Moscou contra 007 (1963)

Vou começar com duas referências: essa abertura me lembra muito da cena em que a Brigitte Bardot dança um mambo louco e sensualiza com todos os músicos em E Deus Criou a Mulher (França, 1956),  de Roger Vadim e a cena em que Anna Karina dança num cabaré em Uma Mulher é uma Mulher (França, 1961), de Jean-Luc Godard, especialmente por essa apropriação mais sofisticada e sensual da cores sobre os corpos / rostos, tais como os inicialmente famosos propostos por Andy Warhol. Daí temos só pérolas, do 007 sobre os seios balançando freneticamente ao nome de Sean Connery projetado sobre a barriga que simula um movimento sexual. Finalmente descobri de onde veio a inspiração para os créditos finais do curta Faço de Mim o que Quero (Brasil, 2010), de Sérgio Oliveira e Petrônio de Lorena, ainda que a ligação mais próxima esteja no também curta Toques (Brasil, 1975), de Jomard Muniz de Britto, que vem com um provocativo Fim escrito logo acima dos pêlos pubianos de uma mulher nua. A referência ao corpo feminino exuberante e sedutor, revela que Moscou contra 007 conta a história de um corpo que se exibe até as últimas instâncias, mas que não pode ou deve se apaixonar, uma narrativa que não tem qualquer relação com o título em português, pois originalmente o título vem de uma falsa carta de amor recebida por Bond: from Russia, with love.

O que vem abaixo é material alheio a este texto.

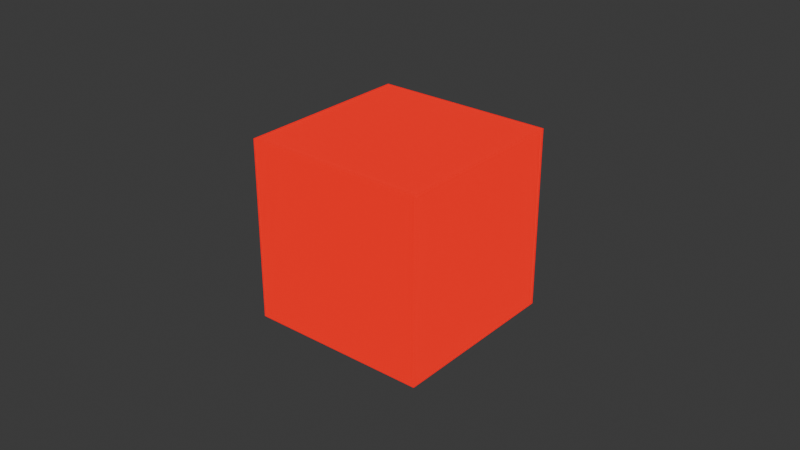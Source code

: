 # Source: levier_allume.blend  (saved by Blender 4.0.36; exported with 4.5.12 LTS)
import bpy
from mathutils import Matrix  # noqa: F401  (used for matrix-valued properties, if any)

bpy.ops.wm.read_factory_settings(use_empty=True)
scene = bpy.context.scene
scene.name = 'Scene'

# ---- collections
col_collection = bpy.data.collections.new('Collection'); scene.collection.children.link(col_collection)

# ---- materials (node trees are filled in below, after node groups)
mat_mat_riau_002 = bpy.data.materials.new('Matériau.002')
mat_mat_riau_002.use_transparent_shadow = False
mat_mat_cube = bpy.data.materials.new('Mat-Cube')
mat_mat_cube.alpha_threshold = 0.0
mat_mat_cube.use_transparent_shadow = False
mat_mat_cube.roughness = 0.5
mat_mat_cube.line_color = (0.0, 0.0, 0.0, 1.0)

# ---- material node trees
mat_mat_riau_002.use_nodes = True; mat_mat_riau_002.node_tree.nodes.clear()
_N = mat_mat_riau_002.node_tree.nodes; _L = mat_mat_riau_002.node_tree.links
n0 = _N.new('ShaderNodeOutputMaterial'); n0.name = 'Sortie matériau'; n0.location = (300, 300)
n1 = _N.new('ShaderNodeBsdfPrincipled'); n1.name = 'BSDF guidée'; n1.location = (10, 300)
n1.inputs[0].default_value = (1.0, 0.0, 0.000141, 1.0)
n1.inputs[3].default_value = 1.45
n1.inputs[27].default_value = (1.0, 0.0, 0.0, 1.0)
n1.inputs[28].default_value = 1.0
_L.new(n1.outputs[0], n0.inputs[0])
n0.is_active_output = True
mat_mat_cube.use_nodes = True; mat_mat_cube.node_tree.nodes.clear()
_N = mat_mat_cube.node_tree.nodes; _L = mat_mat_cube.node_tree.links
n0 = _N.new('ShaderNodeOutputMaterial'); n0.name = 'Material Output'; n0.location = (300, 300)
n1 = _N.new('ShaderNodeBsdfPrincipled'); n1.name = 'BSDF guidée'; n1.location = (-17, 295)
n1.inputs[1].default_value = 1.0
n1.inputs[3].default_value = 1.45
n2 = _N.new('ShaderNodeRGB'); n2.name = 'RVB'; n2.location = (-437, 406)
n2.outputs[0].default_value = (0.0, 0.0, 0.0, 1.0)
n3 = _N.new('ShaderNodeBrightContrast'); n3.name = 'Luminosité/contraste'; n3.location = (-221, 398)
n4 = _N.new('ShaderNodeObjectInfo'); n4.name = 'Infos d’objet'; n4.location = (-494, 203)
_L.new(n1.outputs[0], n0.inputs[0])
_L.new(n1.outputs[0], n0.inputs[1])
_L.new(n2.outputs[0], n3.inputs[0])
_L.new(n3.outputs[0], n1.inputs[0])
n0.is_active_output = True

# ---- world
world_world = bpy.data.worlds.new('World'); scene.world = world_world
world_world.use_nodes = True; world_world.node_tree.nodes.clear()
_N = world_world.node_tree.nodes; _L = world_world.node_tree.links
n0 = _N.new('ShaderNodeOutputWorld'); n0.name = 'World Output'; n0.location = (300, 300)
n1 = _N.new('ShaderNodeBackground'); n1.name = 'Background'; n1.location = (10, 300)
n1.inputs[0].default_value = (0.05088, 0.05088, 0.05088, 1.0)
_L.new(n1.outputs[0], n0.inputs[0])
n0.is_active_output = True
world_world.color = (0.05088, 0.05088, 0.05088)
world_world.use_sun_shadow = False
world_world.sun_shadow_jitter_overblur = 0.0

# ---- meshes
me_cube = bpy.data.meshes.new('Cube')
me_cube.from_pydata([(1.0, 1.0, 1.0), (1.0, 1.0, -1.0), (1.0, -1.0, 1.0), (1.0, -1.0, -1.0), (-1.0, 1.0, 1.0), (-1.0, 1.0, -1.0), (-1.0, -1.0, 1.0), (-1.0, -1.0, -1.0)], [], [(0, 4, 6, 2), (3, 2, 6, 7), (7, 6, 4, 5), (5, 1, 3, 7), (1, 0, 2, 3), (5, 4, 0, 1)])
_uv = me_cube.uv_layers.new(name='UVMap')
_uv.uv.foreach_set('vector', [0.625, 0.5, 0.875, 0.5, 0.875, 0.75, 0.625, 0.75, 0.375, 0.75, 0.625, 0.75, 0.625, 1.0, 0.375, 1.0, 0.375, 0.0, 0.625, 0.0, 0.625, 0.25, 0.375, 0.25, 0.125, 0.5, 0.375, 0.5, 0.375, 0.75, 0.125, 0.75, 0.375, 0.5, 0.625, 0.5, 0.625, 0.75, 0.375, 0.75, 0.375, 0.25, 0.625, 0.25, 0.625, 0.5, 0.375, 0.5])
me_cube.materials.append(mat_mat_riau_002)
me_cube.use_mirror_vertex_groups = False
me_cube.update()
me_cube_001 = bpy.data.meshes.new('Cube.001')
me_cube_001.from_pydata([(1.0, 1.0, 1.0), (0.875, 0.875, 0.875), (1.0, 1.0, -1.0), (0.875, 0.875, -0.875), (1.0, -1.0, 1.0), (0.875, -0.875, 0.875), (1.0, -1.0, -1.0), (0.875, -0.875, -0.875), (-1.0, 1.0, 1.0), (-0.875, 0.875, 0.875), (-1.0, 1.0, -1.0), (-0.875, 0.875, -0.875), (-1.0, -1.0, 1.0), (-0.875, -0.875, 0.875), (-1.0, -1.0, -1.0), (-0.875, -0.875, -0.875), (1.0, -1.0, -0.25), (0.25, -1.0, -0.25), (1.0, -1.0, 0.25), (-0.25, -1.0, 0.25), (-1.0, -1.0, -0.25), (-1.0, -1.0, 0.25), (-1.0, -0.25, -0.25), (-1.0, 1.0, -0.25), (-1.0, 1.0, 0.25), (1.0, 1.0, -0.25), (1.0, 1.0, 0.25), (1.0, -0.25, 0.25), (0.25, -0.875, -0.25), (-0.875, -0.875, -0.25), (-0.25, -0.875, 0.25), (-0.875, -0.875, 0.25), (0.875, -0.875, -0.25), (0.875, -0.875, 0.25), (-0.875, -0.25, -0.25), (-0.875, 0.875, -0.25), (-0.875, 0.875, 0.25), (0.875, -0.25, 0.25), (0.875, 0.875, -0.25), (0.875, 0.875, 0.25), (0.25, 1.0, 1.0), (-0.25, 1.0, 1.0), (-0.25, -1.0, 1.0), (0.25, -1.0, 1.0), (0.25, -1.0, 0.25), (-0.25, -1.0, -0.25), (-0.25, -1.0, -1.0), (0.25, -1.0, -1.0), (-0.25, 1.0, -1.0), (0.25, 1.0, -1.0), (-0.25, 1.0, 0.25), (0.25, 1.0, 0.25), (-0.25, 1.0, -0.25), (0.25, 1.0, -0.25), (-0.25, -0.875, 0.875), (0.25, -0.875, 0.875), (0.25, 0.875, 0.875), (-0.25, 0.875, 0.875), (0.25, -0.875, 0.25), (-0.25, -0.875, -0.875), (0.25, -0.875, -0.875), (-0.25, -0.875, -0.25), (-0.25, 0.875, -0.875), (0.25, 0.875, -0.875), (0.25, 0.875, 0.25), (-0.25, 0.875, 0.25), (-0.25, 0.875, -0.25), (0.25, 0.875, -0.25), (-1.0, -0.25, 1.0), (-1.0, 0.25, 1.0), (-0.25, -0.25, 1.0), (-0.25, 0.25, 1.0), (1.0, -0.25, 1.0), (1.0, 0.25, 1.0), (0.25, -0.25, 1.0), (0.25, 0.25, 1.0), (-1.0, -0.25, 0.25), (-1.0, 0.25, 0.25), (-1.0, 0.25, -0.25), (-1.0, 0.25, -1.0), (-1.0, -0.25, -1.0), (1.0, -0.25, -1.0), (1.0, 0.25, -1.0), (0.25, -0.25, -1.0), (0.25, 0.25, -1.0), (-0.25, -0.25, -1.0), (-0.25, 0.25, -1.0), (1.0, 0.25, 0.25), (1.0, -0.25, -0.25), (1.0, 0.25, -0.25), (-0.875, -0.25, 0.875), (-0.875, 0.25, 0.875), (-0.25, -0.25, 0.875), (-0.25, 0.25, 0.875), (0.875, -0.25, 0.875), (0.875, 0.25, 0.875), (0.25, -0.25, 0.875), (0.25, 0.25, 0.875), (-0.875, 0.25, 0.25), (-0.875, -0.25, 0.25), (-0.875, -0.25, -0.875), (-0.875, 0.25, -0.875), (-0.875, 0.25, -0.25), (0.875, -0.25, -0.875), (0.875, 0.25, -0.875), (0.25, -0.25, -0.875), (0.25, 0.25, -0.875), (-0.25, -0.25, -0.875), (-0.25, 0.25, -0.875), (0.875, 0.25, 0.25), (0.875, -0.25, -0.25), (0.875, 0.25, -0.25)], [], [(68, 12, 42, 70), (71, 41, 8, 69), (73, 0, 40, 75), (74, 43, 4, 72), (18, 4, 43, 44), (12, 21, 19, 42), (45, 20, 14, 46), (47, 6, 16, 17), (8, 24, 77, 69), (21, 12, 68, 76), (23, 10, 79, 78), (14, 20, 22, 80), (6, 47, 83, 81), (84, 49, 2, 82), (79, 10, 48, 86), (46, 14, 80, 85), (26, 0, 73, 87), (4, 18, 27, 72), (2, 25, 89, 82), (16, 6, 81, 88), (0, 26, 51, 40), (24, 8, 41, 50), (10, 23, 52, 48), (53, 25, 2, 49), (91, 9, 57, 93), (54, 13, 90, 92), (5, 55, 96, 94), (97, 56, 1, 95), (13, 54, 30, 31), (55, 5, 33, 58), (15, 29, 61, 59), (28, 32, 7, 60), (13, 31, 99, 90), (36, 9, 91, 98), (29, 15, 100, 34), (101, 11, 35, 102), (104, 3, 63, 106), (105, 60, 7, 103), (100, 15, 59, 107), (108, 62, 11, 101), (5, 94, 37, 33), (95, 1, 39, 109), (7, 32, 110, 103), (111, 38, 3, 104), (9, 36, 65, 57), (39, 1, 56, 64), (3, 38, 67, 63), (35, 11, 62, 66), (32, 28, 17, 16, 88, 110), (89, 25, 53, 67, 38, 111), (23, 78, 102, 35, 66, 52), (22, 20, 45, 61, 29, 34), (30, 19, 21, 76, 99, 31), (77, 24, 50, 65, 36, 98), (26, 87, 109, 39, 64, 51), (37, 27, 18, 44, 58, 33), (65, 50, 41, 71, 93, 57), (42, 19, 30, 54, 92, 70), (61, 45, 46, 85, 107, 59), (48, 52, 66, 62, 108, 86), (67, 53, 49, 84, 106, 63), (47, 17, 28, 60, 105, 83), (58, 44, 43, 74, 96, 55), (40, 51, 64, 56, 97, 75), (84, 82, 89, 111, 104, 106), (109, 87, 73, 75, 97, 95), (102, 78, 79, 86, 108, 101), (71, 69, 77, 98, 91, 93), (96, 74, 72, 27, 37, 94), (88, 81, 83, 105, 103, 110), (68, 70, 92, 90, 99, 76), (85, 80, 22, 34, 100, 107)])
_uv = me_cube_001.uv_layers.new(name='UVMap')
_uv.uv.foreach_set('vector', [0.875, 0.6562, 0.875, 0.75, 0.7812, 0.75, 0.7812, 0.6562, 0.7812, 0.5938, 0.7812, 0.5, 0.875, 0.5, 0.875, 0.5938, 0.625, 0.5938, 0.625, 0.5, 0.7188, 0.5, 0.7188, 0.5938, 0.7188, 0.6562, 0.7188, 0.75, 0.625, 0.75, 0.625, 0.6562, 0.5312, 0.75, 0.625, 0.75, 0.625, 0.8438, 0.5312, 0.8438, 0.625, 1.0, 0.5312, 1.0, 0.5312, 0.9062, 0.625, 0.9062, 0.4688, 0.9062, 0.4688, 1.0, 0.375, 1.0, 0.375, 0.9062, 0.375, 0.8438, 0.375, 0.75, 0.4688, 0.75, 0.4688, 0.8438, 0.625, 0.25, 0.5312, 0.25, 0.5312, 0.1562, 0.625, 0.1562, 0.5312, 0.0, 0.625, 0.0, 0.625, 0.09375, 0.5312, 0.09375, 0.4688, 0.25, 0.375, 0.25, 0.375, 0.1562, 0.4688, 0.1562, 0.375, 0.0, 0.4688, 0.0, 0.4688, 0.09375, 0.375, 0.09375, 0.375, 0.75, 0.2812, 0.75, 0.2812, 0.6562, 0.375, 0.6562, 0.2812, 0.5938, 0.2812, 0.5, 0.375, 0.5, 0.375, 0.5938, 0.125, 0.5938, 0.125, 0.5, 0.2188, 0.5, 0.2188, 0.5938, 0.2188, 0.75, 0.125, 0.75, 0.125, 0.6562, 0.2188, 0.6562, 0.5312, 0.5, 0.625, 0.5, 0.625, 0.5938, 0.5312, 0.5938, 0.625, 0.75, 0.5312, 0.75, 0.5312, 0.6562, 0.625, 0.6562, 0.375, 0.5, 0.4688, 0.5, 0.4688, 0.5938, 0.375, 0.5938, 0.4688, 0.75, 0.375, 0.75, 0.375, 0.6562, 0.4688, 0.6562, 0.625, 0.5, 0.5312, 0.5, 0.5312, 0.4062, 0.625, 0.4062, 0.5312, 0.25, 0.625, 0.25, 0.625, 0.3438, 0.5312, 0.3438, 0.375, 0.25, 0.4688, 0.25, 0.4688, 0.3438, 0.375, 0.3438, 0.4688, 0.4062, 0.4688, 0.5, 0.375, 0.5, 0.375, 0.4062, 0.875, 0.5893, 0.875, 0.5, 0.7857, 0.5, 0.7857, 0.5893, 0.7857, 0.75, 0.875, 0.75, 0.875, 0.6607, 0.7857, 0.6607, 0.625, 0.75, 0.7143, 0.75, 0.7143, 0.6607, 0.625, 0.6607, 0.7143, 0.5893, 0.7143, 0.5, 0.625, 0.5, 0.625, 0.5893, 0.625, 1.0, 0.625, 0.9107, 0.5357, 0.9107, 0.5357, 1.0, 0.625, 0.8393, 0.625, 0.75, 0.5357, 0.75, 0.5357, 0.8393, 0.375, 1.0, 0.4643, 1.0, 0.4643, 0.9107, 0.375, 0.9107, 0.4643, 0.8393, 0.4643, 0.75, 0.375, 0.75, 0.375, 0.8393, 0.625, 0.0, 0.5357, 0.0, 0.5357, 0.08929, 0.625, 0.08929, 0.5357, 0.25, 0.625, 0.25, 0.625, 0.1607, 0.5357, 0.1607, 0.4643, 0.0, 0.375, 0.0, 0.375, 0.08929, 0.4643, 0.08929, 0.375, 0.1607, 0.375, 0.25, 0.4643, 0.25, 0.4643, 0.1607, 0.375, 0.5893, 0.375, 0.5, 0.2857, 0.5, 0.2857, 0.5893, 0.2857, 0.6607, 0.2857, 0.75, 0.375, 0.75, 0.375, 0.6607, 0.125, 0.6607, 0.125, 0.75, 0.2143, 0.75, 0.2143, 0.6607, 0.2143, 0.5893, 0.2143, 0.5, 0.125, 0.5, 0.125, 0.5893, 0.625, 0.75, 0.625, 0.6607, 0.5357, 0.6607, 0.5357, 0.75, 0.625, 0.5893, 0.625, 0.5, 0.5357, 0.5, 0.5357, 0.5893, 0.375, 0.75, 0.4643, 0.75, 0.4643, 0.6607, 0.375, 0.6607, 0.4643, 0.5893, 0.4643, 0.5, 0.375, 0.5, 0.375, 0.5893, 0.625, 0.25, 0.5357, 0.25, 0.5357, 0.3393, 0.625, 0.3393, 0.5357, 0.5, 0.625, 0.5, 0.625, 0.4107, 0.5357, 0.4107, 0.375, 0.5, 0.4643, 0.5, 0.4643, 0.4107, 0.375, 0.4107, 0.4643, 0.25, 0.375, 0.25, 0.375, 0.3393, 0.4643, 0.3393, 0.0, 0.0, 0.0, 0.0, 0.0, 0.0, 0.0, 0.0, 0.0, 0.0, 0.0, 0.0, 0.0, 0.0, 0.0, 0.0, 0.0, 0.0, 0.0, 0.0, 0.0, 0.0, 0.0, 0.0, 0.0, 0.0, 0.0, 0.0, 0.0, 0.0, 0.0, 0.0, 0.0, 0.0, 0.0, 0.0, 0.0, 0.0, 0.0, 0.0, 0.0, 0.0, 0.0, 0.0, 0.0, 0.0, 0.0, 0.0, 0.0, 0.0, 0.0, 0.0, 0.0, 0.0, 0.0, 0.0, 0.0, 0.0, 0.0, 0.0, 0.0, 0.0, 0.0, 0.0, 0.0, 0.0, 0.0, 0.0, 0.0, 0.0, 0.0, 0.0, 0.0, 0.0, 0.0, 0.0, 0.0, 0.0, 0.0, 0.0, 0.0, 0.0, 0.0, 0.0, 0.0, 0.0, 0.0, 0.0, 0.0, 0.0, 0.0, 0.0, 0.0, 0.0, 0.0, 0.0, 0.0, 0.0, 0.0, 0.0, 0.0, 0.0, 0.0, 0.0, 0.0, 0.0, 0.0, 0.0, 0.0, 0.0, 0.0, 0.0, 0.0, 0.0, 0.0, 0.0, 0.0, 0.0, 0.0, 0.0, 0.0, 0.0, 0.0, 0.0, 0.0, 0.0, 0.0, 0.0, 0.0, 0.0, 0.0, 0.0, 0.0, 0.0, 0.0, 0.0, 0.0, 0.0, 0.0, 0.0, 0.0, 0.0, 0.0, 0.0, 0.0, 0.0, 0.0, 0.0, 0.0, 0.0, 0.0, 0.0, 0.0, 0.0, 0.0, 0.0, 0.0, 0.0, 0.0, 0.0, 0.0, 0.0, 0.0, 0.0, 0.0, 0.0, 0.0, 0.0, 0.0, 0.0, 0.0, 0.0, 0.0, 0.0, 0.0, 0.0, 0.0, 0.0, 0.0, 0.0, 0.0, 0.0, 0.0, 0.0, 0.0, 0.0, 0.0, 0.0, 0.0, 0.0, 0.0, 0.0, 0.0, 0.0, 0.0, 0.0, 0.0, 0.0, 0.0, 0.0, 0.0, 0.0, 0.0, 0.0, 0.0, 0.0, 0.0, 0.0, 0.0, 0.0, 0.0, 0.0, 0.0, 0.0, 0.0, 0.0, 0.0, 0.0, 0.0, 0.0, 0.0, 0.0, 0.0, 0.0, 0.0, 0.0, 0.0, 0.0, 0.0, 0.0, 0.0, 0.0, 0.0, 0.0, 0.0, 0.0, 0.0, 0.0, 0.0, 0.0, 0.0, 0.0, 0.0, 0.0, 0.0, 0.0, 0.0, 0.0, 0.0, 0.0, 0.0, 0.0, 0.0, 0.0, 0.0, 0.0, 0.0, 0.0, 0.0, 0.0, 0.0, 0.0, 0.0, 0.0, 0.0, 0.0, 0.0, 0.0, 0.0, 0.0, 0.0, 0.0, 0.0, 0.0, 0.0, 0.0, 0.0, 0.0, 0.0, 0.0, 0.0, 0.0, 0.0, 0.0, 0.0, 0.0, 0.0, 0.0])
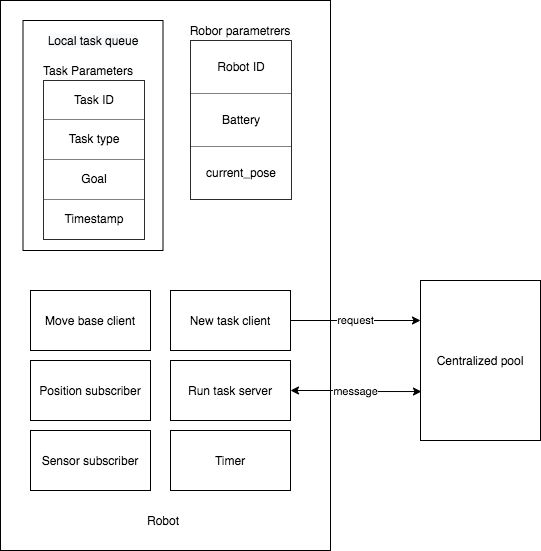

The diagram above was exported from draw.io. Its source (the exported page's mxGraphModel, read from the mxfile embedded in the PNG):
<mxGraphModel dx="275" dy="397" grid="1" gridSize="10" guides="1" tooltips="1" connect="1" arrows="1" fold="1" page="1" pageScale="1" pageWidth="827" pageHeight="1169" math="0" shadow="0">
  <root>
    <mxCell id="0" />
    <mxCell id="1" parent="0" />
    <mxCell id="2" value="" style="rounded=0;whiteSpace=wrap;html=1;" parent="1" vertex="1">
      <mxGeometry x="80" y="320" width="330" height="550" as="geometry" />
    </mxCell>
    <mxCell id="3" value="Robot" style="text;html=1;strokeColor=none;fillColor=none;align=center;verticalAlign=middle;whiteSpace=wrap;rounded=0;" parent="1" vertex="1">
      <mxGeometry x="222.5" y="830" width="40" height="20" as="geometry" />
    </mxCell>
    <mxCell id="4" value="" style="rounded=0;whiteSpace=wrap;html=1;align=center;" parent="1" vertex="1">
      <mxGeometry x="102.5" y="340" width="140" height="230" as="geometry" />
    </mxCell>
    <mxCell id="54" value="message" style="edgeStyle=orthogonalEdgeStyle;rounded=0;orthogonalLoop=1;jettySize=auto;html=1;entryX=0.008;entryY=0.694;entryDx=0;entryDy=0;entryPerimeter=0;startArrow=classic;startFill=1;" edge="1" parent="1" source="5" target="52">
      <mxGeometry relative="1" as="geometry" />
    </mxCell>
    <mxCell id="5" value="Run task server" style="rounded=0;whiteSpace=wrap;html=1;" parent="1" vertex="1">
      <mxGeometry x="250" y="680" width="120" height="60" as="geometry" />
    </mxCell>
    <mxCell id="37" value="Move base client" style="rounded=0;whiteSpace=wrap;html=1;" parent="1" vertex="1">
      <mxGeometry x="110" y="610" width="120" height="60" as="geometry" />
    </mxCell>
    <mxCell id="38" value="Position subscriber" style="rounded=0;whiteSpace=wrap;html=1;" parent="1" vertex="1">
      <mxGeometry x="110" y="680" width="120" height="60" as="geometry" />
    </mxCell>
    <mxCell id="39" value="Sensor subscriber" style="rounded=0;whiteSpace=wrap;html=1;" parent="1" vertex="1">
      <mxGeometry x="110" y="750" width="120" height="60" as="geometry" />
    </mxCell>
    <mxCell id="41" value="Timer" style="rounded=0;whiteSpace=wrap;html=1;" parent="1" vertex="1">
      <mxGeometry x="250" y="750" width="120" height="60" as="geometry" />
    </mxCell>
    <mxCell id="42" value="&lt;table border=&quot;1&quot; width=&quot;100%&quot; style=&quot;width: 100% ; height: 100% ; border-collapse: collapse&quot;&gt;&lt;tbody&gt;&lt;tr&gt;&lt;td align=&quot;center&quot;&gt;Robot ID&lt;/td&gt;&lt;/tr&gt;&lt;tr&gt;&lt;td align=&quot;center&quot;&gt;Battery&lt;/td&gt;&lt;/tr&gt;&lt;tr&gt;&lt;td align=&quot;center&quot;&gt;current_pose&lt;/td&gt;&lt;/tr&gt;&lt;/tbody&gt;&lt;/table&gt;" style="text;html=1;strokeColor=none;fillColor=none;overflow=fill;" parent="1" vertex="1">
      <mxGeometry x="270" y="360" width="100" height="160" as="geometry" />
    </mxCell>
    <mxCell id="53" value="request" style="edgeStyle=orthogonalEdgeStyle;rounded=0;orthogonalLoop=1;jettySize=auto;html=1;entryX=0;entryY=0.25;entryDx=0;entryDy=0;" edge="1" parent="1" source="43" target="52">
      <mxGeometry relative="1" as="geometry" />
    </mxCell>
    <mxCell id="43" value="New task client" style="rounded=0;whiteSpace=wrap;html=1;" parent="1" vertex="1">
      <mxGeometry x="250" y="610" width="120" height="60" as="geometry" />
    </mxCell>
    <mxCell id="44" value="Robor parametrers" style="text;html=1;strokeColor=none;fillColor=none;align=center;verticalAlign=middle;whiteSpace=wrap;rounded=0;" parent="1" vertex="1">
      <mxGeometry x="250" y="340" width="140" height="20" as="geometry" />
    </mxCell>
    <mxCell id="45" value="&lt;table border=&quot;1&quot; width=&quot;100%&quot; style=&quot;width: 100% ; height: 100% ; border-collapse: collapse&quot;&gt;&lt;tbody&gt;&lt;tr&gt;&lt;td align=&quot;center&quot;&gt;Task ID&lt;/td&gt;&lt;/tr&gt;&lt;tr&gt;&lt;td align=&quot;center&quot;&gt;Task type&lt;/td&gt;&lt;/tr&gt;&lt;tr&gt;&lt;td style=&quot;text-align: center&quot;&gt;Goal&lt;/td&gt;&lt;/tr&gt;&lt;tr&gt;&lt;td style=&quot;text-align: center&quot;&gt;Timestamp&lt;/td&gt;&lt;/tr&gt;&lt;/tbody&gt;&lt;/table&gt;" style="text;html=1;strokeColor=none;fillColor=none;overflow=fill;" parent="1" vertex="1">
      <mxGeometry x="122.5" y="400" width="100" height="160" as="geometry" />
    </mxCell>
    <mxCell id="46" value="Task Parameters" style="text;html=1;strokeColor=none;fillColor=none;align=center;verticalAlign=middle;whiteSpace=wrap;rounded=0;" parent="1" vertex="1">
      <mxGeometry x="97.5" y="380" width="140" height="20" as="geometry" />
    </mxCell>
    <mxCell id="51" value="&lt;meta charset=&quot;utf-8&quot;&gt;&lt;span style=&quot;color: rgb(0, 0, 0); font-family: Helvetica; font-size: 12px; font-style: normal; font-variant-ligatures: normal; font-variant-caps: normal; font-weight: 400; letter-spacing: normal; orphans: 2; text-align: center; text-indent: 0px; text-transform: none; widows: 2; word-spacing: 0px; -webkit-text-stroke-width: 0px; background-color: rgb(248, 249, 250); text-decoration-style: initial; text-decoration-color: initial; float: none; display: inline !important;&quot;&gt;Local task queue&lt;/span&gt;" style="text;html=1;strokeColor=none;fillColor=none;align=center;verticalAlign=middle;whiteSpace=wrap;rounded=0;" parent="1" vertex="1">
      <mxGeometry x="117.5" y="350" width="110" height="20" as="geometry" />
    </mxCell>
    <mxCell id="52" value="Centralized pool" style="rounded=0;whiteSpace=wrap;html=1;" vertex="1" parent="1">
      <mxGeometry x="500" y="600" width="120" height="160" as="geometry" />
    </mxCell>
  </root>
</mxGraphModel>

007 contra Goldfinger (1964)

Eu detesto Goldfinger, apenas porque o filme é uma distração dentro da história maior, a luta de James Bond contra a organização internacional Espectre, iniciada indiretamente com Dr No. O filme anterior mostrava um número sem fim de vilões identificados por números, coordenados pelo número 1, cuja aparência era apresentada apenas pelas mãos alisando um gato, igualzinho ao vilão do Inspetor Bugiganga. Com assisti aos três primeiros em sequência, queria saber o rosto do vilão ironizado por Austin Powers, estava realmente alimentando uma ansiedade vinda da lógica de videogame, como se cada filme fosse uma fase, com um chefão incrível no final, mas o que acontece em Goldfinger é um absoluto desvio da narrativa mitológica, como se costuma falar nos seriados, por um episódio isolado, uma missão qualquer. Fiquei #chatiado. Seja como for, essa é a primeira abertura com a música tema, interpretada por Shirley Bassey, mantendo o conceito de projeção sobre corpos femininos do filme anterior. Contudo, as projeções são de cenas do próprio filme, estimulando o espectador a traçar um fio da meada pelo que lhe é minimamente apresentado. Sem contar que as cenas versus partes do corpo combinam bem, da placa mudando na boca delineada ao agente secreto fugindo do helicóptero sobre as pernas.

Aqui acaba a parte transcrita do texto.